During my brief tenure at 120 Broadway, I tried to be a good elevator operator. I showed up for my shifts on time. I worked over-nights. I passed inspection. My shoes were shined and I smiled whenever I interacted with the public. I was even relatively consistent whenever I had to “level off,” accomplishing it with a minimal number of tries. But still there was a part of me that was curious, distracted, a part of me wanted to test the limits, to see just how far I might go up without getting hooked, how low without ending up in The Pit. Of course I didn’t want to kill anybody or myself in the process.

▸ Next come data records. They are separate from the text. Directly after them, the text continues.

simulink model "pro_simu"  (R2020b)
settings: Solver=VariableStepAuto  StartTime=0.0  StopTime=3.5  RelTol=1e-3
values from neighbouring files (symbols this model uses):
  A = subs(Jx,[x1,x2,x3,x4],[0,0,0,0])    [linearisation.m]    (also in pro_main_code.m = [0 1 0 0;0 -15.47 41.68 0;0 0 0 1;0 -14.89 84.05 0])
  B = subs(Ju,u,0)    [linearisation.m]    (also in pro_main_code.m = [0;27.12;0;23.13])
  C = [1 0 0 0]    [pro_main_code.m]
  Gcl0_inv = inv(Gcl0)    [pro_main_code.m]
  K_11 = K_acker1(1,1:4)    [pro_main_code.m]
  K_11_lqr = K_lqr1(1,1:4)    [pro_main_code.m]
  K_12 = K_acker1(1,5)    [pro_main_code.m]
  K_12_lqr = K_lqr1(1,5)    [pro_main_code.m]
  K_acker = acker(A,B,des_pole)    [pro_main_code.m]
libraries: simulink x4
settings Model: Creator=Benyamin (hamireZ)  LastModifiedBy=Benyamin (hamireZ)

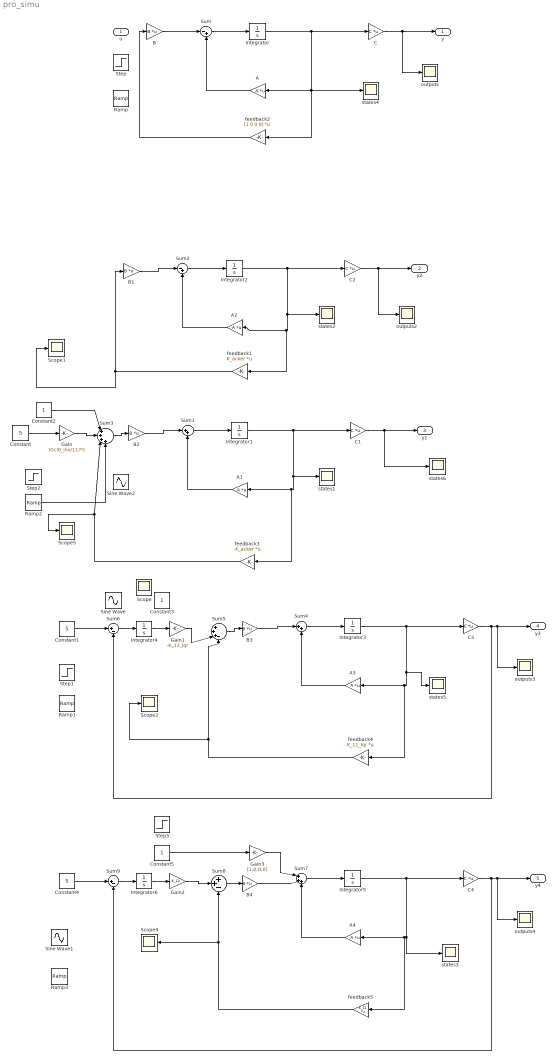
== system pro_simu ==
  u : Inport
  A{,1..4} (5 alike) : Gain  Gain=A  Multiplication=Matrix(K*u) (u vector)
  B{,1..4} (5 alike) : Gain  Gain=B  Multiplication=Matrix(K*u) (u vector)
  C{,1..4} (5 alike) : Gain  Gain=C  Multiplication=Matrix(K*u) (u vector)
  Constant : Constant  Value=5
  Constant1 : Constant  Value=5
  Constant2 : Constant
  Constant3 : Constant
  Constant4 : Constant  Value=5
  Constant5 : Constant
  Gain : Gain  Gain=(Gcl0_inv/11)*5
  Gain1 : Gain  Gain=-K_12_lqr
  Gain2 : Gain  Gain=-K_12
  Gain3 : Gain  Gain=[1;0;0;0]
  Integrator{,1..3,5} (5 alike) : Integrator  InitialCondition=[0;0;1;0]
  Integrator4 : Integrator
  Integrator6 : Integrator
  Ramp : simulink/Sources/Ramp  slope=1  start=0  InitialOutput=0
  Ramp1 : simulink/Sources/Ramp  slope=0.5  start=0  InitialOutput=0
  Ramp2 : simulink/Sources/Ramp  slope=0.5  start=0  InitialOutput=0
  Ramp3 : simulink/Sources/Ramp  slope=1  start=0  InitialOutput=0
  Scope{,1..2,4..5} (5 alike) : Scope
  Sine Wave : Sin  Amplitude=-10  Frequency=10  SampleTime=0
  Sine Wave1 : Sin  Amplitude=-1  Frequency=2  SampleTime=0
  Sine Wave2 : Sin  SampleTime=0
  Step : Step  Before=1  After=0  SampleTime=0
  Step1 : Step  Time=2  SampleTime=0
  Step2 : Step  Time=2  SampleTime=0
  Step3 : Step  Before=1  After=0  SampleTime=0
  Sum : Sum  Inputs=|-+
  Sum1 : Sum  Inputs=|++
  Sum2 : Sum  Inputs=|-+
  Sum3 : Sum  Inputs=|++++
  Sum4 : Sum  Inputs=|++
  Sum5 : Sum  Inputs=|+++-
  Sum6 : Sum  Inputs=|+-
  Sum7 : Sum  Inputs=|+++
  Sum8 : Sum  Inputs=++-
  Sum9 : Sum  Inputs=|+-
  feedback1 : Gain  Gain=K_acker  Multiplication=Matrix(K*u) (u vector)
  feedback2 : Gain  Gain=[1 0 0 0]  Multiplication=Matrix(K*u) (u vector)
  feedback3 : Gain  Gain=-K_acker  Multiplication=Matrix(K*u) (u vector)
  feedback4 : Gain  Gain=K_11_lqr  Multiplication=Matrix(K*u) (u vector)
  feedback5 : Gain  Gain=K_11  Multiplication=Matrix(K*u) (u vector)
  outputs{,2..4} (4 alike) : Scope
  states{1..6} (6 alike) : Scope
  y : Outport
  y2 : Outport  Port=2
  y1 : Outport  Port=3
  y3 : Outport  Port=4
  y4 : Outport  Port=5
  wires:
  C/1 -> outputs/1, y/1
  Sum/1 -> Integrator/1
  A/1 -> Sum/2
  C2/1 -> outputs2/1, y2/1
  Sum2/1 -> Integrator2/1
  A2/1 -> Sum2/2
  Integrator2/1 -> feedback1/1, A2/1, states2/1, C2/1
  B/1 -> Sum/1
  B2/1 -> Sum1/1
  Integrator1/1 -> C1/1, states1/1, A1/1, feedback3/1
  A1/1 -> Sum1/2
  Sum1/1 -> Integrator1/1
  C1/1 -> states6/1, y1/1
  feedback3/1 -> Scope5/1, Sum3/3
  Sum3/1 -> B2/1
  Sum5/1 -> B3/1
  feedback4/1 -> Scope2/1, Sum5/4
  C3/1 -> Sum6/2, outputs3/1, y3/1
  Sum4/1 -> Integrator3/1
  A3/1 -> Sum4/2
  Integrator3/1 -> feedback4/1, A3/1, states5/1, C3/1
  B3/1 -> Sum4/1
  Integrator4/1 -> Gain1/1
  Sum6/1 -> Integrator4/1
  Constant1/1 -> Sum6/1
  Constant/1 -> Gain/1
  Gain/1 -> Sum3/2
  Gain1/1 -> Sum5/3
  B4/1 -> Sum7/2
  Integrator5/1 -> C4/1, states3/1, A4/1, feedback5/1
  A4/1 -> Sum7/3
  Sum7/1 -> Integrator5/1
  C4/1 -> y4/1, outputs4/1, Sum9/2
  feedback5/1 -> Scope4/1, Sum8/3
  Sum8/1 -> B4/1
  Gain2/1 -> Sum8/2
  feedback1/1 -> Scope1/1, B1/1
  B1/1 -> Sum2/1
  Integrator/1 -> feedback2/1, states4/1, A/1, C/1
  feedback2/1 -> B/1
  Constant2/1 -> Sum3/1
  Ramp2/1 -> Sum3/4
  Sum9/1 -> Integrator6/1
  Integrator6/1 -> Gain2/1
  Constant4/1 -> Sum9/1
  Constant5/1 -> Gain3/1
  Gain3/1 -> Sum7/1
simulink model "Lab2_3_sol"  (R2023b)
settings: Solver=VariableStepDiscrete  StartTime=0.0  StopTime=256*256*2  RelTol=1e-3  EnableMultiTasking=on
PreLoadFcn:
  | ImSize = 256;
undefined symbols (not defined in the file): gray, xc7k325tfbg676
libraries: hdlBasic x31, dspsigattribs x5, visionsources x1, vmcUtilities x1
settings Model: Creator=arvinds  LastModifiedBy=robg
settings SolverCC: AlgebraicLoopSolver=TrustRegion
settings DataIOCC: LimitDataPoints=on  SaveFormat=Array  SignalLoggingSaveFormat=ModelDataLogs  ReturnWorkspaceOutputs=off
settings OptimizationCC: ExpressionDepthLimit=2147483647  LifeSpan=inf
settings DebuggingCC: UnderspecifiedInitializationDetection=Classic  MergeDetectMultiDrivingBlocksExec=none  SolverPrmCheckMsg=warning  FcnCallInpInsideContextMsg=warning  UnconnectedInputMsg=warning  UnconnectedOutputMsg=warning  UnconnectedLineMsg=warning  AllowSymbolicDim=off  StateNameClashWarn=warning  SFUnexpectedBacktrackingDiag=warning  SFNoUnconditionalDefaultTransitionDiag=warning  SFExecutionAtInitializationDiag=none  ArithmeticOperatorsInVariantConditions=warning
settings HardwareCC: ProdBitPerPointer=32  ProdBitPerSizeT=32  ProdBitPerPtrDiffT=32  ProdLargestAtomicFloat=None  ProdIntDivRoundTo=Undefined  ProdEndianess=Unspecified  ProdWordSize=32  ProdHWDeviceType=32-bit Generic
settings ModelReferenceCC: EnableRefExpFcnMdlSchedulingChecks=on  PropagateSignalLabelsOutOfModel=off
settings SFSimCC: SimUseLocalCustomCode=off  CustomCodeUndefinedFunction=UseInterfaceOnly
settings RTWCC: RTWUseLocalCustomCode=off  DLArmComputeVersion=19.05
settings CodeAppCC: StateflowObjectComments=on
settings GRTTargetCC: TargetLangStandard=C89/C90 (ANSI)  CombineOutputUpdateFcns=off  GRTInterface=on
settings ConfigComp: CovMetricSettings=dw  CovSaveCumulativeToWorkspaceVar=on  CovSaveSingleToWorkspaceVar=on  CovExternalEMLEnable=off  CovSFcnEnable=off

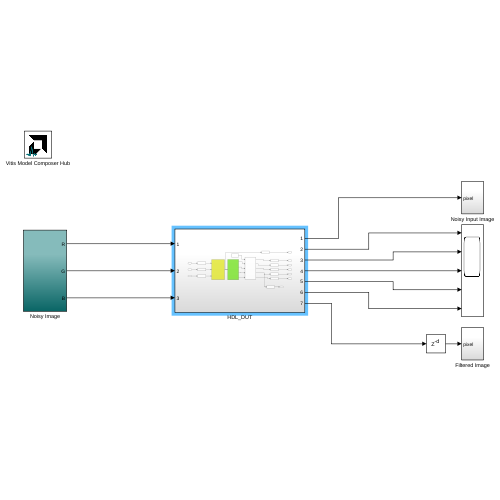
[thumbnail: Simulink's stored preview of the top-level diagram]
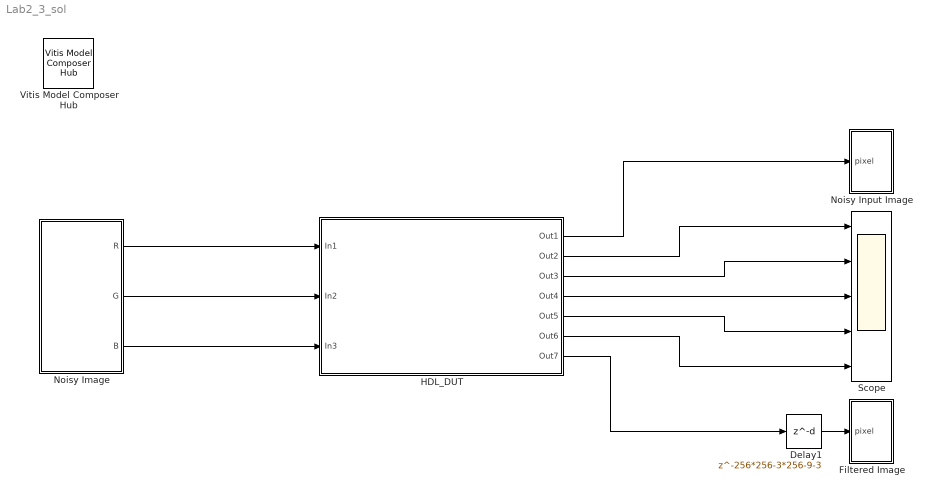
== system Lab2_3_sol ==
  Delay1 : Delay  DelayLength=256*256-3*256-9-3  SampleTime=1
  Filtered Image : Subsystem
  HDL_DUT : Subsystem
  Noisy Image : Subsystem
  Noisy Input Image : Subsystem
  Scope : Scope  NumInputPorts=5
  Vitis Model Composer Hub : vmcUtilities/Vitis Model Composer Hub  Tag=genX  CodeGeneration=off  SubsystemName=Lab2_3_sol  CompilationType=HDLCompilation  ExportTypeV2=IP Catalog  StartColumn=1  NumberOfColumns=1  TargetDirectory=./netlist  exportDesign=off  analyzeDesign=off  validateDesignOnHw=off  ExportType=System Generator  IpVendor=xilinx.com  IpLibrary=hls  IpVersion=1.0  IpHWLanguage=Verilog  AieCompilerOptions={}  AieSimulatorOptions={}  CreateTestbench=off  TestbenchStackSize=10  RunRtlSim=off  RunCSim=off  RunAieSim=off  AieSimTimeout=50000  RunAieSimProfiling=off  LaunchVitisAnalyzer=off  PlotOutput=off  RunX86Sim=off  X86SimTimeout=10  GenHwImage=off  GenLibadfXo=on  GenHwValidationCode=off  PlatformType=Not Specified  HwSystemType=Baremetal  HwValidationTarget=hw  ProjDevice=xc7k325tfbg676-3  ProjDevicePart=xc7k325tfbg676-3  SamplePeriod=-1  ClockFrequency=200  DataPathParallelism=1  xilinxfamily=kintex7  part=xc7k325t  speed=-3  package=fbg676  directory=./netlist/ip/Lab2_3_sol/src  testbench=off  incr_netlist=off  synthesis_tool=Vivado  clock_wrapper=Clock Enables  dbl_ovrd=According to Block Masks  dcm_input_clock_period=10  sysclk_period=5  simulink_period=1  eval_field=0  LogFileName=''  NThreads=4
  wires:
  Delay1/1 -> Filtered Image/1(pixel)
  Noisy Image/1(R) -> HDL_DUT/1(In1)
  Noisy Image/2(G) -> HDL_DUT/2(In2)
  Noisy Image/3(B) -> HDL_DUT/3(In3)
  HDL_DUT/1(Out1) -> Noisy Input Image/1(pixel)
  HDL_DUT/2(Out2) -> Scope/1
  HDL_DUT/3(Out3) -> Scope/2
  HDL_DUT/4(Out4) -> Scope/3
  HDL_DUT/5(Out5) -> Scope/4
  HDL_DUT/6(Out6) -> Scope/5
  HDL_DUT/7(Out7) -> Delay1/1

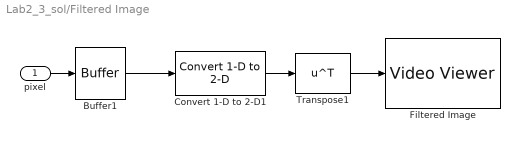
== system Lab2_3_sol/Filtered Image ==
  pixel : Inport
  Buffer1 : Buffer  N=ImSize*ImSize
  Convert 1-D to 2-D1 : dspsigattribs/Convert 1-D to 2-D  M=ImSize  N=ImSize  frameBasedOut=off
  Filtered Image : VideoViewer  colormapValue=gray(256)  FigPos=[721 702.8 408 300]
  Transpose1 : Math  Operator=transpose  SignedPower=on
  wires:
  Buffer1/1 -> Convert 1-D to 2-D1/1
  Convert 1-D to 2-D1/1 -> Transpose1/1
  pixel/1 -> Buffer1/1
  Transpose1/1 -> Filtered Image/1

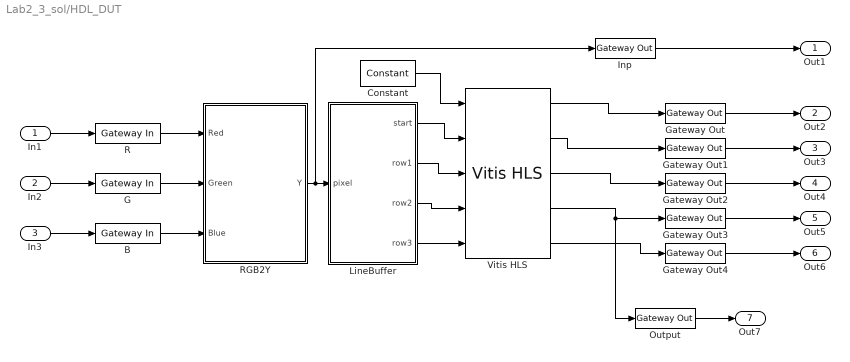
== system Lab2_3_sol/HDL_DUT ==
  In1 : Inport
  In2 : Inport  Port=2
  In3 : Inport  Port=3
  B : hdlBasic/Gateway In  gui_display_data_type=Fixed-point  arith_type=Unsigned  n_bits=8  bin_pt=0  preci_type=Single  exp_width=8  frac_width=24  rows=1  columns=1  quantization="Round  (unbiased: +/- Inf)"  overflow=Saturate  period=1  UseAsADC=off  ADCChannel='1'  interface=None  automatic_assignment=on  address_offset=hex2dec('00')  intf_name=''  intf_description=''  default_value=0  timing_constraint=None  locs_specified=off  LOCs={}  io_standard={}  inherit_from_input=off  hdl_port=on  XmcBlockStatus=1  maskContainerNames=group4  block_type=gatewayin  block_config=sysgen:gateway_in_config  block_width_w=590  block_height_w=620  block_width=640  block_height=850
  Constant : hdlBasic/Constant  const=0  gui_display_data_type=Boolean  arith_type=Boolean  n_bits=16  bin_pt=14  preci_type=Single  exp_width=8  frac_width=24  explicit_period=off  period=1  XmcBlockStatus=1  maskContainerNames=tabcontainer1  block_type=constant  block_config=sysgen:Constant_config
  G : hdlBasic/Gateway In  gui_display_data_type=Fixed-point  arith_type=Unsigned  n_bits=8  bin_pt=0  preci_type=Single  exp_width=8  frac_width=24  rows=1  columns=1  quantization="Round  (unbiased: +/- Inf)"  overflow=Saturate  period=1  UseAsADC=off  ADCChannel='1'  interface=None  automatic_assignment=on  address_offset=hex2dec('00')  intf_name=''  intf_description=''  default_value=0  timing_constraint=None  locs_specified=off  LOCs={}  io_standard={}  inherit_from_input=off  hdl_port=on  XmcBlockStatus=1  maskContainerNames=group4  block_type=gatewayin  block_config=sysgen:gateway_in_config  block_width_w=590  block_height_w=620  block_width=640  block_height=850
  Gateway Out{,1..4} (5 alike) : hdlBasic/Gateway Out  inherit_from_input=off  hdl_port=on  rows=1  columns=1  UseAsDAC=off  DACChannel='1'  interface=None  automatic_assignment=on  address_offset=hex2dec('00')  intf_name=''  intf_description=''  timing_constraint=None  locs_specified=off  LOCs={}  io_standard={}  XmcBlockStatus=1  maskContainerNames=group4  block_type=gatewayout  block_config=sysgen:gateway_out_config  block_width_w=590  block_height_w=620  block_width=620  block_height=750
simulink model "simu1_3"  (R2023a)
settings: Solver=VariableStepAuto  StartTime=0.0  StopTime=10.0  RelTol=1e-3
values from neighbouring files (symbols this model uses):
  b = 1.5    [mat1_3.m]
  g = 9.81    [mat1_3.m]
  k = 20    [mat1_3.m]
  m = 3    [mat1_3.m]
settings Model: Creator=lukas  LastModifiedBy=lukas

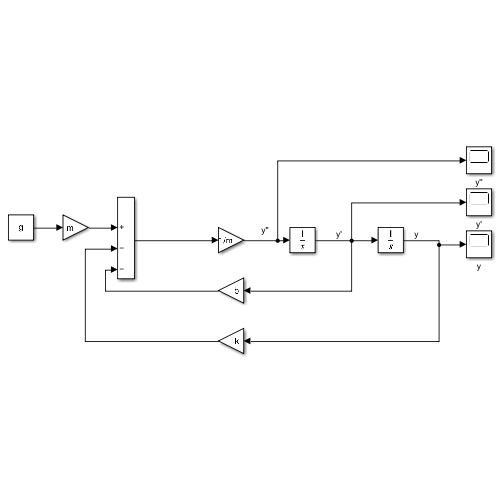
[thumbnail: Simulink's stored preview of the top-level diagram]
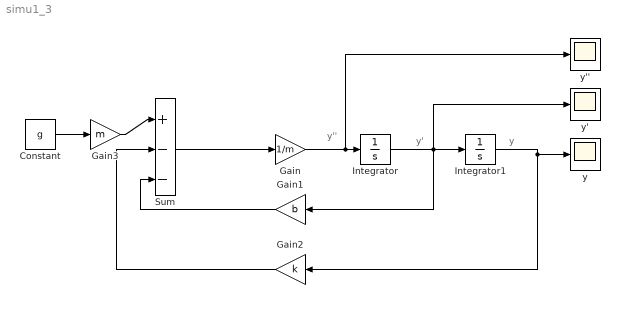
== system simu1_3 ==
  note: y
  note: y'
  note: y''
  Constant : Constant  Value=g
  Gain : Gain  Gain=1/m
  Gain1 : Gain  Gain=b
  Gain2 : Gain  Gain=k
  Gain3 : Gain  Gain=m
  Integrator : Integrator
  Integrator1 : Integrator
  Sum : Sum  Inputs=|+--
  y : Scope
  y' : Scope
  y'' : Scope
  wires:
  Integrator/1 -> y'/1, Gain1/1, Integrator1/1
  Integrator1/1 -> y/1, Gain2/1
  Gain/1 -> y''/1, Integrator/1
  Sum/1 -> Gain/1
  Constant/1 -> Gain3/1
  Gain3/1 -> Sum/1
  Gain2/1 -> Sum/2
  Gain1/1 -> Sum/3

Perhaps that was that wonder that caused the problem on my last day of work. Or maybe it was the image of a smiling Spencer climbing the maintenance ladder through the escape hatch in the elevator, wondering how it felt riding full tilt into the springs below. In any event, I missed the red #3 bull’s eye and kamikazed my elevator filled with Japanese office workers from Mitsubishi on the 28th floor into the The Pit. I don’t remember much, but I am sure it wasn’t me who shouted, “Remember Pearl Harbor!” as somebody reported hearing on the descent.
Of course I was fired in full view of everyone.

My friend Sal later told me The Rat gathered everyone in the Break Room and announced that my crash landing made a bigger impact on the building than the one he had witnessed in March 1942. That was when a seven-inch artillery shell fired by an anti-aircraft battery near the East River by mistake struck the 37th floor.
“It was one of eight,” The Rat told them. “The only one to hit. And I was right there when it happened. The other rounds all fell harmlessly into the river. That shell caused less damage, and no injuries.”
So my career came to an abrupt and crashing end. But I did make it into elevator operator lore, and in September I started on a new career path, teaching high school.